Start of DATA TO PROCESS
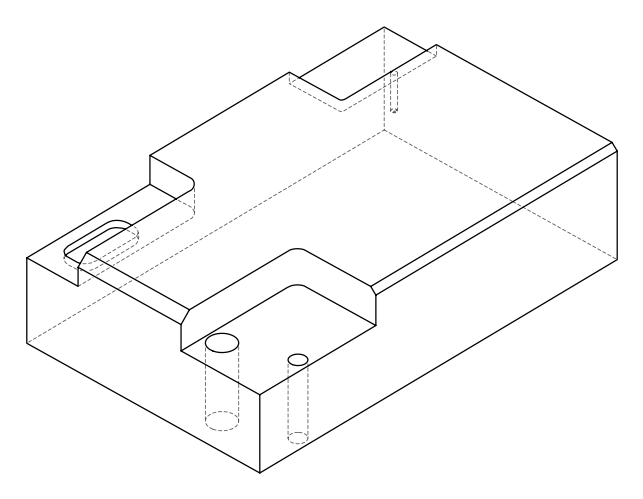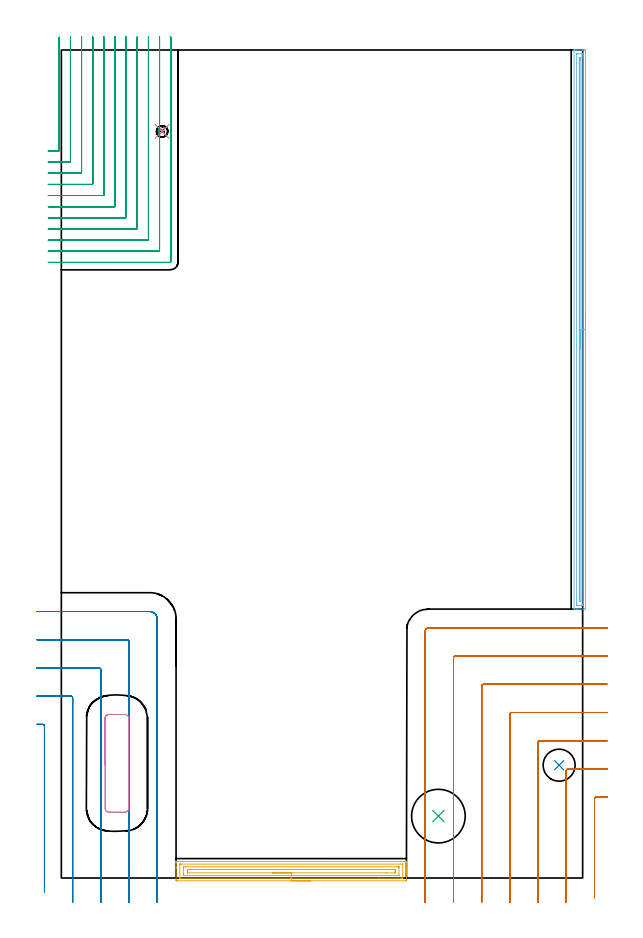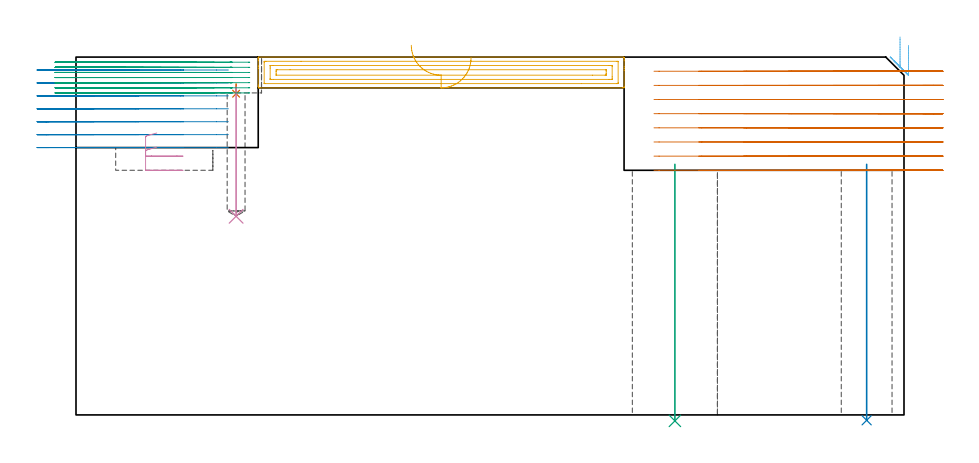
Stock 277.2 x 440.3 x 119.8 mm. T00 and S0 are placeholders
(PLAN: 10 operations, 7 tool changes, 65.1 min)
(1 SPOT_DRILL | STEP1POCKET | NXT0321_9005460120000 | 0.03 min | 1226 mm3)
(2 INDEXABLE_INSERT_DRILL_THROUGH_HOLE_FROM_SOLID | STEP1HOLE | NXT0302_005 | 0.35 min | 27135 mm3)
(3 INDEXABLE_INSERT_DRILL_THROUGH_HOLE_FROM_SOLID_1 | STEP1HOLE_1 | NXT0302_028 | 0.35 min | 76354 mm3)
(4 DRILL_BLIND_HOLE_INTO_CENTER | STEP1POCKET | UGT0301_025 | 0.18 min | 1124 mm3)
(5 AREA_MILL | FG_CHAMFER_SURFACE | UGT0205_001 | 4.15 min | 7137 mm3)
(6 AREA_MILL_1 | FG_CHAMFER_SURFACE_1 | UGT0205_001 | 7.29 min | 5605 mm3)
(7 MILL_CORNER_NOTCH_RECTANGULAR | CORNER_NOTCH_RECTANGULAR | UGT0201_094 | Follow Part, ap 5, ae 75% | 18.68 min | 473599 mm3)
(8 MILL_CORNER_NOTCH_RECTANGULAR_1 | CORNER_NOTCH_RECTANGULAR_1 | UGT0201_094 | Follow Part, ap 5, ae 75% | 12.03 min | 278779 mm3)
(9 MILL_CORNER_NOTCH_RECTANGULAR_2 | CORNER_NOTCH_RECTANGULAR_2 | UGT0201_125 | Follow Part, ap 1.975, ae 75% | 21.27 min | 85848 mm3)
(10 MILL_RECTANGULAR_POCKET | POCKET_RECTANGULAR_STRAIGHT | UGT0201_094 | Follow Part, ap 5, ae 75% | 0.76 min | 16856 mm3)
(TOOL NXT0321_9005460120000 | NC Spot Drill, 142deg, 12mm, Carbide, Uncoated | D12 PA142 FL30 Z2)
(TOOL NXT0302_005 | Index. Insert Drill 17mm [880-D1700L20-05] | D17 PA176 FL85 Z2)
(TOOL NXT0302_028 | Index. Insert Drill 28.5mm [880-D2850L32-03] | D28.5 PA176 FL86 Z2)
(TOOL UGT0301_025 | Twist Drill 6 mm | D6 PA118 FL57 Z2)
(TOOL UGT0205_001 | Chamfer Mill 20 x 3 x 45 deg. | D20 FL50 Z2)
(TOOL UGT0201_094 | End mill 20 mm | D20 FL38 Z4)
(TOOL UGT0201_125 | Carbide End Mill 7.9 | D7.9 FL15 Z4)
(OP 1 SPOT_DRILL)
G17 G21 G94 G90
T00 M6
G54
G17 G0 G90 X53.6 Y397. S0 M3
G43 Z129.8 H0
G94 G81 G98 Z107.542 F250. R110.8
G80
M5
M2
(OP 2 INDEXABLE_INSERT_DRILL_THROUGH_HOLE_FROM_SOLID)
G17 G21 G94 G90
T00 M6
G54
G17 G0 G90 X264.7 Y60. S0 M3
G43 Z129.8 H1
G94 G81 G98 Z-1.797 F250. R83.9
G80
M5
M2
(OP 3 INDEXABLE_INSERT_DRILL_THROUGH_HOLE_FROM_SOLID_1)
G17 G21 G94 G90
T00 M6
G54
G17 G0 G90 X200.5 Y32.9 S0 M3
G43 Z129.8 H1
G94 G81 G98 Z-1.998 F250. R83.9
G80
M5
M2
(OP 4 DRILL_BLIND_HOLE_INTO_CENTER)
G17 G21 G94 G90
T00 M6
G54
G17 G0 G90 X53.6 Y397. S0 M3
G43 Z129.8 H0
G94 G81 G98 Z66.5 F250. R109.8
G80
M5
M2
(OP 5 AREA_MILL)
G17 G21 G94 G90
T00 M6
G54
G17 G0 G90 X132.25 Y-1.5 S1061 M3
G43 Z129.8 H0
Z119.5
G94 G1 X132.212 Z118.628 F250.
X132.098 Z117.764
X131.909 Z116.912
X131.647 Z116.08
X131.313 Z115.274
X130.91 Z114.5
X130.442 Z113.764
X129.91 Z113.072
X129.321 Z112.429
X128.678 Z111.84
X127.986 Z111.309
X127.25 Z110.84
X126.476 Z110.437
X125.67 Z110.103
X124.838 Z109.841
X123.987 Z109.652
X123.122 Z109.538
X122.25 Z109.5
X61.598
X61.251 Y-1.496 Z109.502
X61.01 Y-1.493 Z109.504
X61.006 Y-1.156 Z109.841
X61. Y-0.57 Z110.427
Y4.961 Z115.955
Y5.536 Z116.533
Y5.834 Z116.831
Y7.582 Z118.577
Y8.179 Z119.178
Y8.456 Z119.455
Y8.565 Z119.564
X61.003 Y8.685 Z119.677
X61.01 Y8.798 Z119.788
X61.152 Y8.8 Z119.8
X183.348
X183.49 Y8.798 Z119.788
X183.497 Y8.685 Z119.677
X183.5 Y8.565 Z119.564
Y8.179 Z119.178
Y7.582 Z118.577
Y5.536 Z116.533
Y4.961 Z115.955
Y4.375 Z115.37
Y-1.156 Z109.841
X183.496 Y-1.448 Z109.549
X183.49 Y-1.492 Z109.505
X183.444 Y-1.499 Z109.499
X182.902 Y-1.5 Z109.5
X122.25
Y-0.086 Z110.914
X63.382 Y-0.085 Z110.915
X63.18 Y-0.084 Z110.916
X63.043 Y-0.08 Z110.92
X63.016 Y-0.079 Z110.921
X63.01 Y-0.064 Z110.936
X63.006 Y-0.04 Z110.96
X63.001 Y0.091 Z111.091
X63. Y7.082 Z118.082
X63.002 Y7.207 Z118.207
X63.006 Y7.307 Z118.307
X63.01 Y7.369 Z118.369
X63.039 Y7.379 Z118.379
X63.382 Y7.383 Z118.383
X63.583 Y7.385 Z118.385
X75.345 Y7.386 Z118.386
X181.118 Y7.385 Z118.385
X181.32 Y7.384 Z118.384
X181.456 Y7.38 Z118.38
X181.484 Y7.379 Z118.379
X181.49 Y7.364 Z118.364
X181.494 Y7.34 Z118.34
X181.499 Y7.209 Z118.209
X181.5 Y0.218 Z111.218
X181.498 Y0.093 Z111.093
X181.494 Y-0.007 Z110.993
X181.49 Y-0.069 Z110.931
X181.461 Y-0.079 Z110.921
X181.118 Y-0.083 Z110.917
X180.917 Y-0.085 Z110.915
X169.193 Y-0.086 Z110.914
X122.25
Y1.328 Z112.328
X66.058 Y1.329 Z112.329
X65.305 Y1.33 Z112.33
X65.166 Y1.332 Z112.332
X65.029 Y1.335 Z112.335
X65.009 Y1.343 Z112.343
X65.006 Y1.368 Z112.368
X65.002 Y1.411 Z112.411
X65.001 Y1.466 Z112.466
X65. Y1.628 Z112.628
Y5.123 Z116.123
X65.002 Y5.834 Z116.834
X65.005 Y5.916 Z116.916
X65.01 Y5.955 Z116.955
X65.014 Y5.965 Z116.965
X65.031 Y5.967 Z116.967
X65.166 Y5.969 Z116.969
X65.918 Y5.971 Z116.971
X66.058
X178.442
X179.195 Y5.97 Z116.97
X179.334 Y5.968 Z116.968
X179.471 Y5.965 Z116.965
X179.491 Y5.957 Z116.957
X179.494 Y5.932 Z116.932
X179.498 Y5.889 Z116.889
X179.499 Y5.834 Z116.834
X179.5 Y5.672 Z116.672
Y2.177 Z113.177
X179.498 Y1.466 Z112.466
X179.495 Y1.384 Z112.384
X179.49 Y1.345 Z112.345
X179.486 Y1.335 Z112.335
X179.469 Y1.333 Z112.333
X179.334 Y1.331 Z112.331
X178.582 Y1.329 Z112.329
X178.442 Y1.328 Z112.328
X122.25
Y2.743 Z113.743
X67.124
X67.074 Y2.744 Z113.744
X67.022 Y2.748 Z113.748
X67.01 Y2.75 Z113.75
X67.007 Y2.766 Z113.766
X67.004 Y2.81 Z113.81
X67. Y3.164 Z114.164
Y4.038 Z115.038
X67.001 Y4.087 Z115.087
X67.008 Y4.499 Z115.499
X67.01 Y4.544 Z115.544
X67.075 Y4.55 Z115.55
X67.202 Y4.554 Z115.554
X67.363 Y4.556 Z115.556
X71.654 Y4.557 Z115.557
X177.376
X177.426 Y4.556 Z115.556
X177.478 Y4.552 Z115.552
X177.49 Y4.55 Z115.55
X177.493 Y4.534 Z115.534
X177.496 Y4.49 Z115.49
X177.5 Y4.136 Z115.136
Y3.262 Z114.262
X177.499 Y3.213 Z114.213
X177.492 Y2.801 Z113.801
X177.49 Y2.756 Z113.756
X177.425 Y2.75 Z113.75
X177.298 Y2.746 Z113.746
X177.137 Y2.744 Z113.744
X172.872 Y2.743 Z113.743
X122.25
X121.378 Z113.781
X120.514 Z113.895
X119.662 Z114.083
X118.83 Z114.346
X118.024 Z114.68
X117.25 Z115.082
X116.514 Z115.551
X115.822 Z116.082
X115.179 Z116.672
X114.59 Z117.315
X114.059 Z118.007
X113.59 Z118.743
X113.187 Z119.517
X112.853 Z120.323
X112.591 Z121.155
X112.402 Z122.006
X112.288 Z122.871
X112.25 Z123.743
G0 Z129.8
M5
M2
(OP 6 AREA_MILL_1)
G17 G21 G94 G90
T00 M6
G54
G17 G0 G90 X278.7 Y301.65 S1061 M3
G43 Z129.8 H0
Z123.7
G94 G1 Y301.612 Z122.828 F250.
Y301.498 Z121.963
Y301.309 Z121.112
Y301.047 Z120.28
Y300.713 Z119.474
Y300.31 Z118.7
Y299.842 Z117.964
Y299.31 Z117.272
Y298.721 Z116.629
Y298.078 Z116.04
Y297.386 Z115.508
Y296.65 Z115.04
Y295.876 Z114.637
Y295.07 Z114.303
Y294.238 Z114.041
Y293.387 Z113.852
Y292.522 Z113.738
Y291.65 Z113.7
X278.699 Y143.632 Z113.701
X278.696 Y143.215 Z113.702
X278.692 Y143.01 Z113.705
X278.286 Y143. Z114.11
X275.65 Z116.745
X274.256 Z118.14
X273.892 Z118.502
X272.942 Z119.457
X272.769 Y143.002 Z119.623
X272.602 Y143.01 Z119.789
X272.6 Y143.185 Z119.8
Y440.115
X272.602 Y440.29 Z119.788
X272.769 Y440.298 Z119.623
X272.942 Y440.3 Z119.457
X273.165 Z119.235
X273.892 Z118.502
X275.135 Z117.262
X276.529 Z115.867
X277.15 Z115.246
X278.029 Z114.368
X278.286 Y440.297 Z114.11
X278.692 Y440.29 Z113.705
X278.696 Y440.085 Z113.702
X278.7 Y439.668 Z113.7
Y291.65
X277.286 Z115.114
Y145.421
X277.284 Y145.036 Z115.116
X277.282 Y145.014 Z115.118
X277.28 Y145.01 Z115.12
X277.264 Y145.006 Z115.136
X277.191 Y145.002 Z115.209
X277.08 Y145. Z115.32
X276.942 Z115.458
X274.771 Z117.629
X274.306 Z118.094
X274.096 Y145.003 Z118.304
X274.061 Y145.005 Z118.339
X274.027 Y145.009 Z118.373
X274.021 Y145.055 Z118.379
X274.016 Y145.295 Z118.384
X274.015 Y145.421 Z118.385
X274.014 Y146.191 Z118.386
Y437.879
X274.016 Y438.264 Z118.384
X274.018 Y438.286 Z118.382
X274.02 Y438.29 Z118.38
X274.036 Y438.294 Z118.364
X274.11 Y438.298 Z118.29
X274.22 Y438.3 Z118.18
X274.358 Z118.042
X276.529 Z115.871
X276.994 Z115.406
X277.204 Y438.297 Z115.196
X277.239 Y438.295 Z115.161
X277.273 Y438.291 Z115.127
X277.279 Y438.246 Z115.121
X277.284 Y438.005 Z115.116
X277.285 Y437.879 Z115.115
X277.286 Y437.109 Z115.114
Y291.65
X275.872 Z116.528
X275.871 Y147.21 Z116.529
X275.87 Y147.097 Z116.53
X275.868 Y147.041 Z116.532
X275.865 Y147.019 Z116.535
X275.85 Y147.006 Z116.55
X275.65 Y147.007 Z116.75
X275.45 Y147.01 Z116.95
X275.435 Y147.21 Z116.965
X275.432 Y147.432 Z116.968
X275.429 Y148.104 Z116.971
X275.428 Y148.33 Z116.972
X275.429 Y436.09 Z116.971
X275.43 Y436.203 Z116.97
X275.432 Y436.259 Z116.968
X275.435 Y436.281 Z116.965
X275.45 Y436.294 Z116.95
X275.65 Y436.293 Z116.75
X275.85 Y436.29 Z116.55
X275.865 Y436.09 Z116.535
X275.868 Y435.868 Z116.532
X275.871 Y435.196 Z116.529
X275.872 Y434.97 Z116.528
Y291.65
Y290.778 Z116.566
Y289.914 Z116.68
Y289.062 Z116.869
Y288.23 Z117.132
Y287.424 Z117.465
Y286.65 Z117.868
Y285.914 Z118.337
Y285.222 Z118.868
Y284.579 Z119.457
Y283.99 Z120.101
Y283.459 Z120.793
Y282.99 Z121.528
Y282.587 Z122.302
Y282.253 Z123.108
Y281.991 Z123.94
Y281.802 Z124.792
Y281.688 Z125.657
Y281.65 Z126.528
G0 Z129.8
M5
M2
(OP 7 MILL_CORNER_NOTCH_RECTANGULAR)
G17 G21 G94 G90
T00 M6
G54
G17 G0 G90 X290.2 Y43. S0 M3
G43 Z129.8 H0
Z115.062
G94 G1 X287.2 F250.
X284.493 F500.
G3 X283.5 Y42.007 R1.
G1 Y-7.766
Y-10.766 F250.
G0 Z129.8
X290.2 Y58.
Z115.062
G1 X287.2
X269.493 F500.
G3 X268.5 Y57.007 R1.
G1 Y-10.
Y-13. F250.
G0 Z129.8
X290.2 Y73.
Z115.062
G1 X287.2
X254.494 F500.
G3 X253.5 Y72.006 R1.
G1 Y-10.
Y-13. F250.
G0 Z129.8
X290.2 Y88.
Z115.062
G1 X287.2
X239.494 F500.
G3 X238.5 Y87.006 R1.
G1 Y-10.
Y-13. F250.
G0 Z129.8
X290.2 Y103.
Z115.062
G1 X287.2
X224.495 F500.
G3 X223.5 Y102.005 R1.
G1 Y-10.
Y-13. F250.
G0 Z129.8
X290.2 Y118.
Z115.062
G1 X287.2
X209.495 F500.
G3 X208.5 Y117.005 R1.
G1 Y-10.
Y-13. F250.
G0 Z129.8
X290.2 Y133.
Z115.062
G1 X287.2
X195.2 F500.
G3 X193.5 Y131.3 R1.7
G1 Y-10.
Y-13. F250.
G0 Z129.8
X290.2 Y43.
Z110.325
G1 X287.2
X284.493 F500.
G3 X283.5 Y42.007 R1.
G1 Y-7.766
Y-10.766 F250.
G0 Z129.8
X290.2 Y58.
Z110.325
G1 X287.2
X269.493 F500.
G3 X268.5 Y57.007 R1.
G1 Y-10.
End of DATA TO PROCESS
* YOUR ASSIGNMENT *
From the entries above, restate word for word the lines from the line containing "X75.345 Y7.386 Z118.386" to the line containing "X181.49 Y-0.069 Z110.931", both ends included, and nothing more.

* WRITTEN RESPONSE *
X75.345 Y7.386 Z118.386
X181.118 Y7.385 Z118.385
X181.32 Y7.384 Z118.384
X181.456 Y7.38 Z118.38
X181.484 Y7.379 Z118.379
X181.49 Y7.364 Z118.364
X181.494 Y7.34 Z118.34
X181.499 Y7.209 Z118.209
X181.5 Y0.218 Z111.218
X181.498 Y0.093 Z111.093
X181.494 Y-0.007 Z110.993
X181.49 Y-0.069 Z110.931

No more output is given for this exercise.